How much do you anticipate cooling the crew to induce torpor?
We drop them down by about 10 degrees Fahrenheit. The heart can only go to 28 degrees Celsius [about 82 degrees F]. Any lower and it can’t trigger the electrical impulses and pump blood. There have been cases where people go below that, down to 14 degrees C when they’re trapped in cold water. But as you approach that 28 degree mark, the heart starts to become a little erratic. We hold at about 32 degrees C [roughly 89 degrees F], which gives you some margin and that gets you about a 70 percent reduction in metabolism. Which is pretty good for a relatively small drop. A lot of times people think you have to be freezing cold to do this. But your core temperature doesn’t vary that much. Even in between when you’re active and when you’re resting at night, it changes very little. Your body has a spot it wants to be in.
What sort of tests have produced these results? Are you talking about humans who have been cooled for surgery or something else?
It’s based on the application of therapeutic hypothermia—or targeted temperature management, as they’re starting to call it now—during surgeries. Those are the data points: Reductions they see in the heart rate and oxygen demand.

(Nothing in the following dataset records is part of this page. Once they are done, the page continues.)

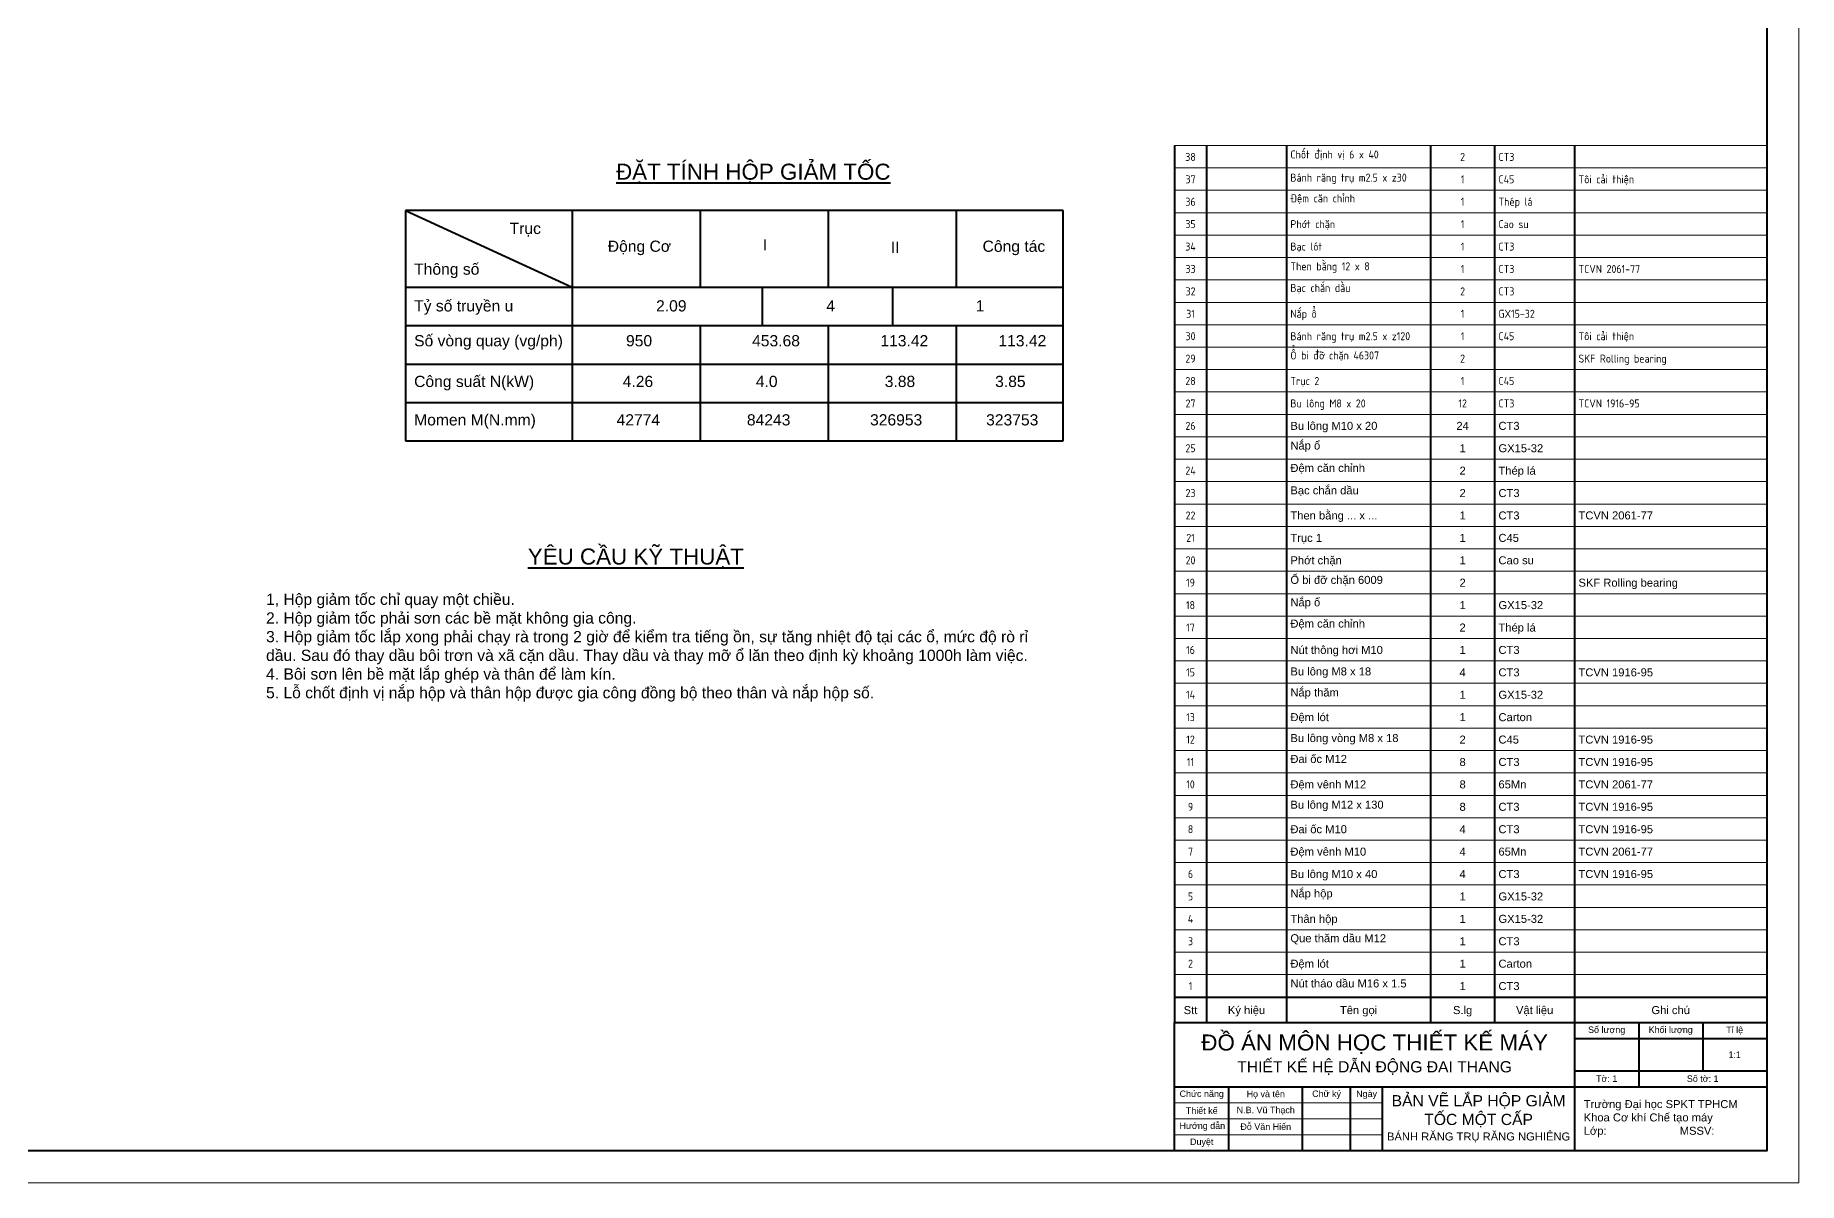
# Model space of a CAD drawing. Header units: millimetres. Extents: x 8200 to 9389, y 625 to 13172.
# Drawn here: x 8838 to 9389, y 12331 to 12689 of the extents above; entities that cross this region are included whole.
import ezdxf

# ---------------------------------------------------------------- set-up
doc = ezdxf.new("R2010")
doc.units = ezdxf.units.MM
doc.layers.add('manh', color=3, linetype='Continuous', lineweight=13)
doc.layers.add('net dam', color=7, linetype='Continuous', lineweight=40)
doc.styles.get("Standard").update_dxf_attribs({"font": 'ISOCP.SHX'})

msp = doc.modelspace()

# ---------------------------------------------------------------- linework, layer by layer
at = {"color": 7, "linetype": 'Continuous'}
for p, q in [((9378.54, 12380.619), (9378.54, 12654.619)), ((9378.54, 12380.619), (9378.54, 12654.091)), ((9193.54, 12380.619), (9378.54, 12380.619)), ((9193.54, 12380.619), (9378.54, 12380.619))]:
    msp.add_line(p, q, dxfattribs=at)
at = {"layer": 'manh'}
for p, q in [((9193.54, 12654.619), (9378.54, 12654.619)), ((9193.54, 12647.619), (9378.54, 12647.619)), ((9193.54, 12640.619), (9378.54, 12640.619)), ((9193.54, 12633.619), (9378.54, 12633.619)), ((9193.54, 12626.619), (9378.54, 12626.619)), ((9193.54, 12619.619), (9378.54, 12619.619)), ((9193.54, 12612.619), (9378.54, 12612.619)), ((9193.54, 12605.619), (9378.54, 12605.619)), ((9193.54, 12598.619), (9378.54, 12598.619)), ((9193.54, 12591.619), (9378.54, 12591.619)), ((9193.54, 12584.619), (9378.54, 12584.619)), ((9193.54, 12577.619), (9378.54, 12577.619)), ((9193.54, 12570.619), (9378.54, 12570.619)), ((9193.54, 12563.619), (9378.54, 12563.619)), ((9193.54, 12556.619), (9378.54, 12556.619)), ((9193.54, 12549.619), (9378.54, 12549.619)), ((9193.54, 12542.619), (9378.54, 12542.619)), ((9193.54, 12535.619), (9378.54, 12535.619)), ((9193.54, 12528.619), (9378.54, 12528.619)), ((9193.54, 12521.619), (9378.54, 12521.619)), ((9193.54, 12514.619), (9378.54, 12514.619)), ((9193.54, 12507.619), (9378.54, 12507.619)), ((9193.54, 12500.619), (9378.54, 12500.619)), ((9193.54, 12493.619), (9378.54, 12493.619)), ((9193.54, 12486.619), (9378.54, 12486.619)), ((9193.54, 12479.619), (9378.54, 12479.619)), ((9193.54, 12472.619), (9378.54, 12472.619)), ((9193.54, 12465.619), (9378.54, 12465.619)), ((9193.54, 12458.619), (9378.54, 12458.619)), ((9193.54, 12451.619), (9378.54, 12451.619)), ((9193.54, 12444.619), (9378.54, 12444.619)), ((9193.54, 12437.619), (9378.54, 12437.619)), ((9193.54, 12430.619), (9378.54, 12430.619)), ((9193.54, 12423.619), (9378.54, 12423.619)), ((9193.54, 12416.619), (9378.54, 12416.619)), ((9193.54, 12409.619), (9378.54, 12409.619)), ((9193.54, 12402.619), (9378.54, 12402.619)), ((9193.54, 12395.619), (9378.54, 12395.619)), ((9193.54, 12355.619), (9258.54, 12355.619)), ((9193.54, 12350.619), (9258.54, 12350.619)), ((9193.54, 12345.619), (9258.54, 12345.619))]:
    msp.add_line(p, q, dxfattribs=at)
msp.add_lwpolyline([(8199.54, 12330.619), (8199.54, 13171.619), (9388.54, 13171.619), (9388.54, 12330.619), (8199.54, 12330.619)], close=True, dxfattribs=at)
at = {"layer": 'net dam'}
for p, q in [((9193.54, 12654.619), (9193.54, 12380.619)), ((9203.54, 12654.619), (9203.54, 12380.619)), ((9228.54, 12654.619), (9228.54, 12380.619)), ((9273.54, 12654.619), (9273.54, 12380.619)), ((9318.54, 12654.619), (9318.54, 12380.619)), ((8953.34, 12634.338), (9005.341, 12610.338)), ((9158.722, 12634.338), (8953.34, 12634.338)), ((8953.34, 12634.338), (8953.34, 12562.338)), ((9005.341, 12634.338), (9005.341, 12562.338)), ((9045.341, 12634.338), (9045.341, 12610.338)), ((9085.341, 12634.338), (9085.341, 12610.338)), ((9125.341, 12634.338), (9125.341, 12610.338)), ((9158.722, 12562.338), (9158.722, 12634.338)), ((8953.34, 12610.338), (9158.722, 12610.338)), ((9064.772, 12610.338), (9064.772, 12598.338)), ((9105.48, 12610.338), (9105.48, 12598.338)), ((8953.34, 12598.338), (9158.722, 12598.338)), ((9045.341, 12598.338), (9045.341, 12562.338)), ((9085.341, 12598.338), (9085.341, 12562.338)), ((9125.341, 12598.338), (9125.341, 12562.338)), ((8953.34, 12586.338), (9158.722, 12586.338)), ((8953.34, 12574.338), (9158.722, 12574.338)), ((8953.34, 12562.338), (9158.722, 12562.338)), ((9193.54, 12388.619), (9378.54, 12388.619)), ((9193.54, 12340.619), (9193.54, 12380.619)), ((9193.54, 12380.619), (9378.54, 12380.619)), ((9318.54, 12380.619), (9318.54, 12340.619)), ((9338.54, 12380.619), (9338.54, 12360.619)), ((9358.54, 12380.619), (9358.54, 12365.619)), ((9318.54, 12375.619), (9378.54, 12375.619)), ((9318.54, 12365.619), (9378.54, 12365.619)), ((9378.54, 12365.619), (9378.54, 12340.619)), ((9193.54, 12360.619), (9378.54, 12360.619)), ((9210.54, 12340.619), (9210.54, 12360.619)), ((9233.54, 12340.619), (9233.54, 12360.619)), ((9248.54, 12340.619), (9248.54, 12360.619)), ((9258.54, 12340.619), (9258.54, 12360.619)), ((9378.54, 12340.619), (9193.54, 12340.619))]:
    msp.add_line(p, q, dxfattribs=at)
msp.add_lwpolyline([(8209.54, 12340.619), (8209.54, 13161.619), (9378.54, 13161.619), (9378.54, 12340.619)], close=True, dxfattribs=at)
msp.add_lwpolyline([(9293.54, 12654.619), (9293.54, 12647.619), (9293.54, 12640.619), (9293.54, 12633.619), (9293.54, 12626.619), (9293.54, 12619.619), (9293.54, 12612.619), (9293.54, 12605.619), (9293.54, 12598.619), (9293.54, 12591.619), (9293.54, 12584.619), (9293.54, 12577.619), (9293.54, 12570.619), (9293.54, 12563.619), (9293.54, 12556.619), (9293.54, 12549.619), (9293.54, 12542.619), (9293.54, 12535.619), (9293.54, 12528.619), (9293.54, 12521.619), (9293.54, 12514.619), (9293.54, 12507.619), (9293.54, 12500.619), (9293.54, 12493.619), (9293.54, 12486.619), (9293.54, 12479.619), (9293.54, 12472.619), (9293.54, 12465.619), (9293.54, 12458.619), (9293.54, 12451.619), (9293.54, 12444.619), (9293.54, 12437.619), (9293.54, 12430.619), (9293.54, 12423.619), (9293.54, 12416.619), (9293.54, 12409.619), (9293.54, 12402.619), (9293.54, 12395.619), (9293.54, 12388.619), (9293.54, 12380.619)], dxfattribs=at)

# ---------------------------------------------------------------- texts
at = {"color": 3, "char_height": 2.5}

The actual metabolic reduction varies from person to person. But 70 percent is generally what they see. And reducing the body’s demand for oxygen is why [surgeons] do it. Cooling starts that process. With traumatic injuries, your cells are probably being starved of oxygen anyway, so if you can lower the core temperature then the cells need less. You’re trying to match what they’re able to get to the injuries. It prevents early cell death, long-term brain damage, things like that. Cooling the body buys you more time.
Well, just to return to the movie, are you a science fiction fan? Do you like these kinds of movies?
Oh, yeah. Generally the whole office will go and see some of the bigger films, just for general inspiration. As an advanced concepts organization, we’re always looking 10 or 20 years into the future and asking how we can improve what we have now. Science fiction is a big motivator for all that.